I wouldn't say it's disloyalty to the MAC name, considering I have been a MAC junkie for 8 years now. But, there are certain products that i have to purchase elsewhere when mac cant cut it. i will always love their eye shadows and pigments and their lipsticks but as far as foundation goes, i have tried numerous types of their foundation and have always felt it to be heavy on me, looks great when first applied but starts to get cakey looking after a few hours. for foundation i use Tarte ReCreate liquid foundation. it goes on great and has no parabens or other harsh chemicals in the formula.


----------



## reem2790 (Dec 26, 2009)

i have a picky taste, in a way, with mac. 
	

	
	
		
		

		
		
	


	



I'll buy MSFs, Paint Pots, Lipsticks,mineralize blushes and _some _kohl powers. 
Their eyeshadows/blushes IMO are highly dupable and nothing unique, as will most of their eyeliners. 
Their lipglass, dazzleglass, etc are also all very dupable, considering they're lip gloss.

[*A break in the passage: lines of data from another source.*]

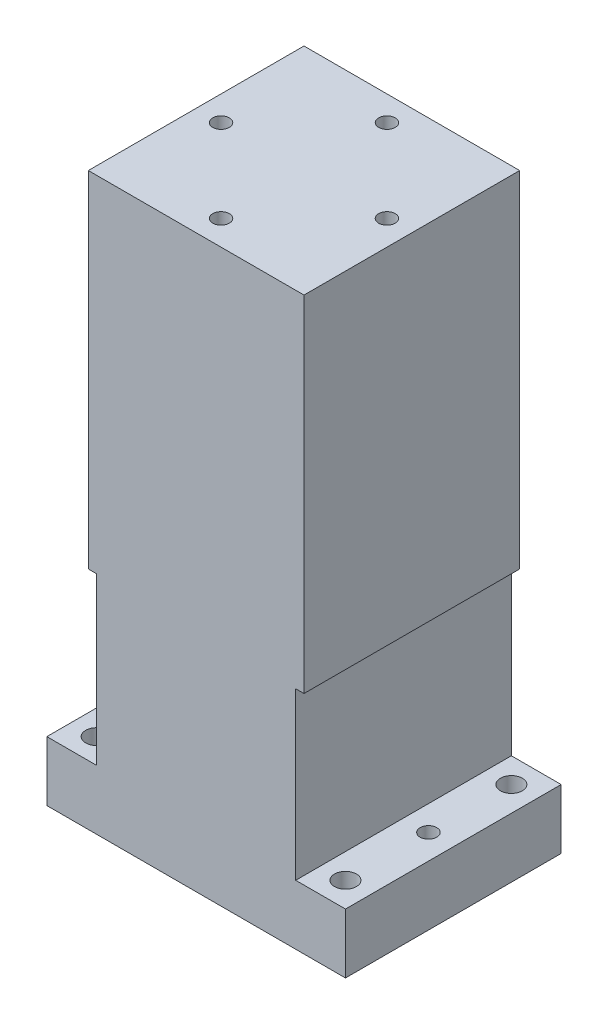
from build123d import *

# Parameters (mm, degrees)
SKIZZE1_W                            = 90
SKIZZE1_H                            = 172
AUFSATZ_LINEAR_AUSTRAGEN1_DEPTH      = 65
SKIZZE2_W                            = 15
SKIZZE2_H                            = 154
SCHNITT_LINEAR_AUSTRAGEN1_DEPTH      = 190.298705754
SKIZZE3_W                            = 65
SKIZZE3_H                            = 104
AUFSATZ_LINEAR_AUSTRAGEN2_DEPTH      = 2.5
SKIZZE4_W                            = 15
SKIZZE4_H                            = 154
SCHNITT_LINEAR_AUSTRAGEN2_DEPTH      = 190.298705754
SKIZZE5_W                            = 65
SKIZZE5_H                            = 104
AUFSATZ_LINEAR_AUSTRAGEN3_DEPTH      = 2.5
F_6_6_6_6_DURCHMESSER_BOHRUNG1_D     = 6.6
F_6_6_6_6_DURCHMESSER_BOHRUNG1_DEPTH = 172
BOHRUNG1_D                           = 5.02
BOHRUNG1_DEPTH                       = 172
F_6_6_6_6_DURCHMESSER_BOHRUNG2_D     = 6.6
BOHRUNG2_D                           = 5.02
F_5_0_5_DURCHMESSER_BOHRUNG1_D       = 5
F_5_0_5_DURCHMESSER_BOHRUNG1_DEPTH   = 17
F_5_0_5_DURCHMESSER_BOHRUNG1_TIP     = 1.502151548


with BuildPart() as part:
    # Skizze1 → Aufsatz-Linear austragen1 (new body)
    with BuildSketch(Plane(origin=(0, 0, -32.5), x_dir=(-1, 0, 0), z_dir=(0, 0, -1))):
        with Locations((0, 86)):
            Rectangle(SKIZZE1_W, SKIZZE1_H)
    extrude(amount=-AUFSATZ_LINEAR_AUSTRAGEN1_DEPTH)

    # Skizze2 → Schnitt-Linear austragen1 (cut, through all)
    with BuildSketch(Plane.XY.offset(32.5)):
        with Locations((-37.5, 95)):
            Rectangle(SKIZZE2_W, SKIZZE2_H)
    extrude(amount=-SCHNITT_LINEAR_AUSTRAGEN1_DEPTH, mode=Mode.SUBTRACT)

    # Skizze3 → Aufsatz-Linear austragen2 (add)
    with BuildSketch(Plane.ZY.offset(30)):
        with Locations((0, 120)):
            Rectangle(SKIZZE3_W, SKIZZE3_H)
    extrude(amount=AUFSATZ_LINEAR_AUSTRAGEN2_DEPTH)

    # Skizze4 → Schnitt-Linear austragen2 (cut, through all)
    with BuildSketch(Plane.XY.offset(32.5)):
        with Locations((37.5, 95)):
            Rectangle(SKIZZE4_W, SKIZZE4_H)
    extrude(amount=-SCHNITT_LINEAR_AUSTRAGEN2_DEPTH, mode=Mode.SUBTRACT)

    # Skizze5 → Aufsatz-Linear austragen3 (add)
    with BuildSketch(Plane(origin=(30, 0, 0), x_dir=(0, 0, -1), z_dir=(1, 0, 0))):
        with Locations((0, 120)):
            Rectangle(SKIZZE5_W, SKIZZE5_H)
    extrude(amount=AUFSATZ_LINEAR_AUSTRAGEN3_DEPTH)

    # Ø6.6 (6.6) Durchmesser Bohrung1
    with Locations(Plane(origin=(0, 0, 0), x_dir=(-1, 0, 0), z_dir=(0, -1, 0))):
        with Locations((37.5, -25), (37.5, 25)):
            Hole(F_6_6_6_6_DURCHMESSER_BOHRUNG1_D / 2, depth=F_6_6_6_6_DURCHMESSER_BOHRUNG1_DEPTH)

    # Bohrung1
    with Locations(Plane(origin=(0, 0, 0), x_dir=(-1, 0, 0), z_dir=(0, -1, 0))):
        with Locations((37.5, 0)):
            Hole(BOHRUNG1_D / 2, depth=BOHRUNG1_DEPTH)

    # Ø6.6 (6.6) Durchmesser Bohrung2 (through all)
    with Locations(Plane(origin=(0, 18, 0), x_dir=(1, 0, 0), z_dir=(0, 1, 0))):
        with Locations((37.5, 25), (37.5, -25)):
            Hole(F_6_6_6_6_DURCHMESSER_BOHRUNG2_D / 2)

    # Bohrung2 (through all)
    with Locations(Plane(origin=(0, 18, 0), x_dir=(1, 0, 0), z_dir=(0, 1, 0))):
        with Locations((37.5, 0)):
            Hole(BOHRUNG2_D / 2)

    # Ø5.0 (5) Durchmesser Bohrung1
    with Locations(Plane(origin=(0, 172, 0), x_dir=(1, 0, 0), z_dir=(0, 1, 0))):
        with Locations((-25, 0), (25, 0), (0, 25), (0, -25)):
            Hole(F_5_0_5_DURCHMESSER_BOHRUNG1_D / 2, depth=F_5_0_5_DURCHMESSER_BOHRUNG1_DEPTH)
            with Locations((0, 0, -(F_5_0_5_DURCHMESSER_BOHRUNG1_DEPTH + F_5_0_5_DURCHMESSER_BOHRUNG1_TIP / 2))):  # 118° drill point
                Cone(0, F_5_0_5_DURCHMESSER_BOHRUNG1_D / 2, F_5_0_5_DURCHMESSER_BOHRUNG1_TIP, mode=Mode.SUBTRACT)


solid = part.part
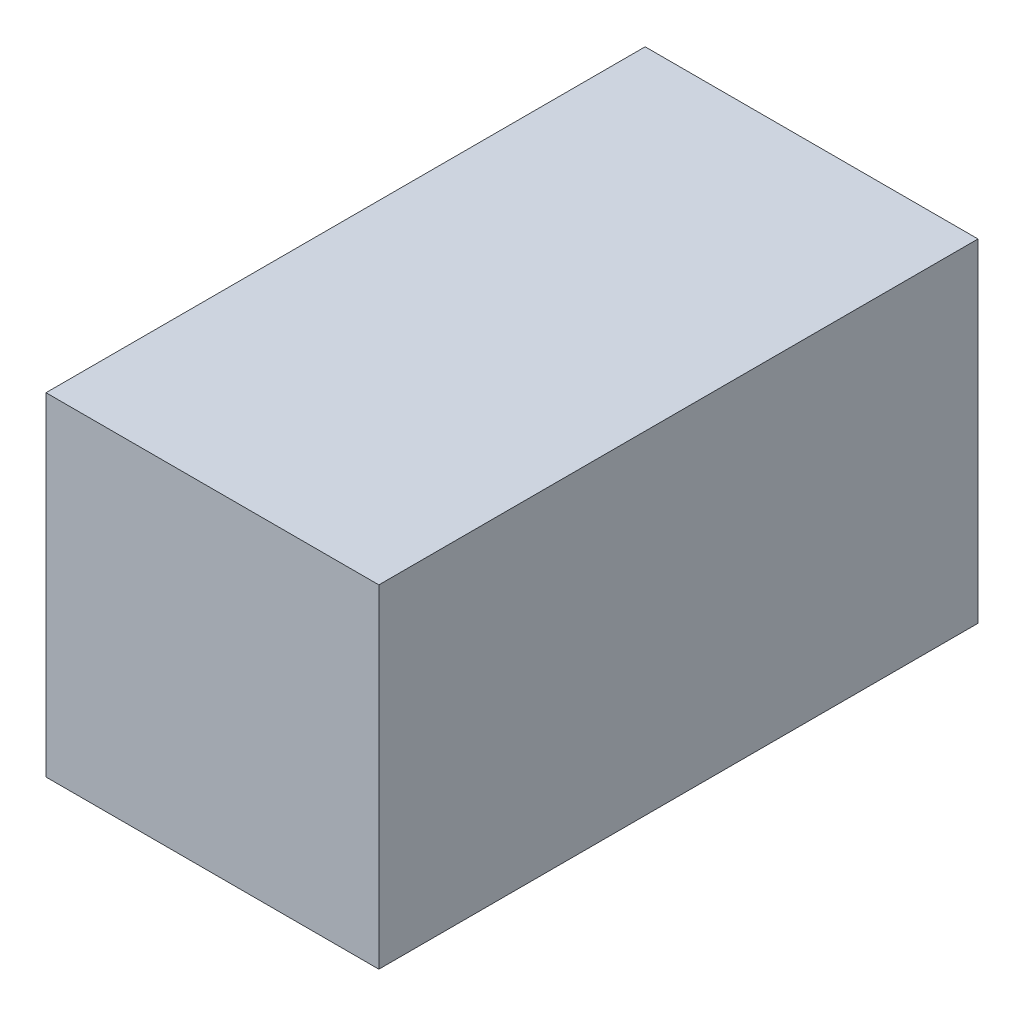
from build123d import *

# Parameters (mm, degrees)
SCHIZZO1_W                   = 400
SCHIZZO1_H                   = 400
ESTRUSIONE_ESTRUSIONE1_DEPTH = 720


with BuildPart() as part:
    # Schizzo1 → Estrusione-Estrusione1 (new body)
    with BuildSketch(Plane(origin=(0, 0, 0), x_dir=(-1, 0, 0), z_dir=(0, 0, -1))):
        Rectangle(SCHIZZO1_W, SCHIZZO1_H)
    extrude(amount=-ESTRUSIONE_ESTRUSIONE1_DEPTH)


solid = part.part

For foundations MUFE has mac beat by miles in all areas of  great foundations.
For eyeshadows urban decay palettes are an amazing value and always have unique colors. Stila palettes are also wonderful. For basic shadows any brand really works, a great primer makes a huge difference
Too Faced has amazing bronzers. 
Urban decay Also has an amazing line of e/l, and primer. 


and on top of that, UD, STILA, and Sephora all have consistent F&F sales, and that alone is good reason to be disloyal


----------



## omgitzstephanie (Dec 27, 2009)

I've recently started cheating on MAC's Fluidline for the Bare Escentuals Buxom Lashliner. I've used Fluidline for so many years but this new liner is seriously so good! It's creamy and lasts longer AND it has the benefits of conditioning my eyelashes. What a great product. Sorry MAC. 
	

	
	
		
		

		
		
	


	




Other than that, I'm pretty loyal?


----------



## CajunFille' (Dec 29, 2009)

I love MAC and use mainly MAC products, but I also like to get the best quality products for my money. MAC's foundations are absolutely gross. They break me out, flake up almost immediately, and don't stay on long. For foundation I use MUFE HD, NARS Sheer Glow, or Revlon Colorstay. Even Revlon performs better on my skin than MAC foundation. I use MAC Plushlash Mascara. I also use Maybelline Lash Stilleto and NYX Doll Eye Mascara, and these are just as great as Plushlash. I only use Smashbox Light Face Primer and Uban Decay Eyeshadow Primer Potion. MAC's primers just don't compare to these. So, yeah I cheat on MAC sometimes, but it's not my fault.


----------



## heart (May 1, 2011)

i love uniformity in my things usually but when it comes to mac i refuse to try their mascara because i've heard awful things.  i've also recently stepped away from using their foundation and concealer to try out another brand.  while the bulk of my eyeshadows/lip products are mac, it doesn't stop me from buying nars shadows from time to time... and i still purchased naked by UD because it's a good-sized to-go palette.  umm, i'll also occasionally purchase nars & ysl lippies.  none of my perfumes or nail polishes are mac either.


----------



## HappyInsomniac (May 2, 2011)

I use quite a lot of other brands. My fave eyeshadows are all Mac and I do have a fair few Mac lippies, but I vary in brands for other things. I don't like Mac lipglasses at all. Not sure why, really, I just don't like the feel of them. My favourite lipglosses are bareMinerals, Lancome, ELF, Burt's Bees, and Nars. I seem to have quite a lot of different brands of lipstick (loads of drugstore) which I don't really use. I pretty much just wear YSL Spicy Pink or Mac Twig everyday. I'm not much of a bright lip kinda girl, I guess. I do adore Viva Glam Cyndi, though, as a slightly bolder choice than my usual MLBB. I use Benefit or ELF primers. All my face products are drugstore (maybelline foundation, ELF tinted moisturiser, rimmel powder, natural collection green/normal concealer, natural collection and sleek blush) but only because I haven't had time to spend a day in Debenhams testing out various foundations, powders and blushes. I use Clinique mascara almost constantly, as my mother buys sets all the time and gives me the free ones.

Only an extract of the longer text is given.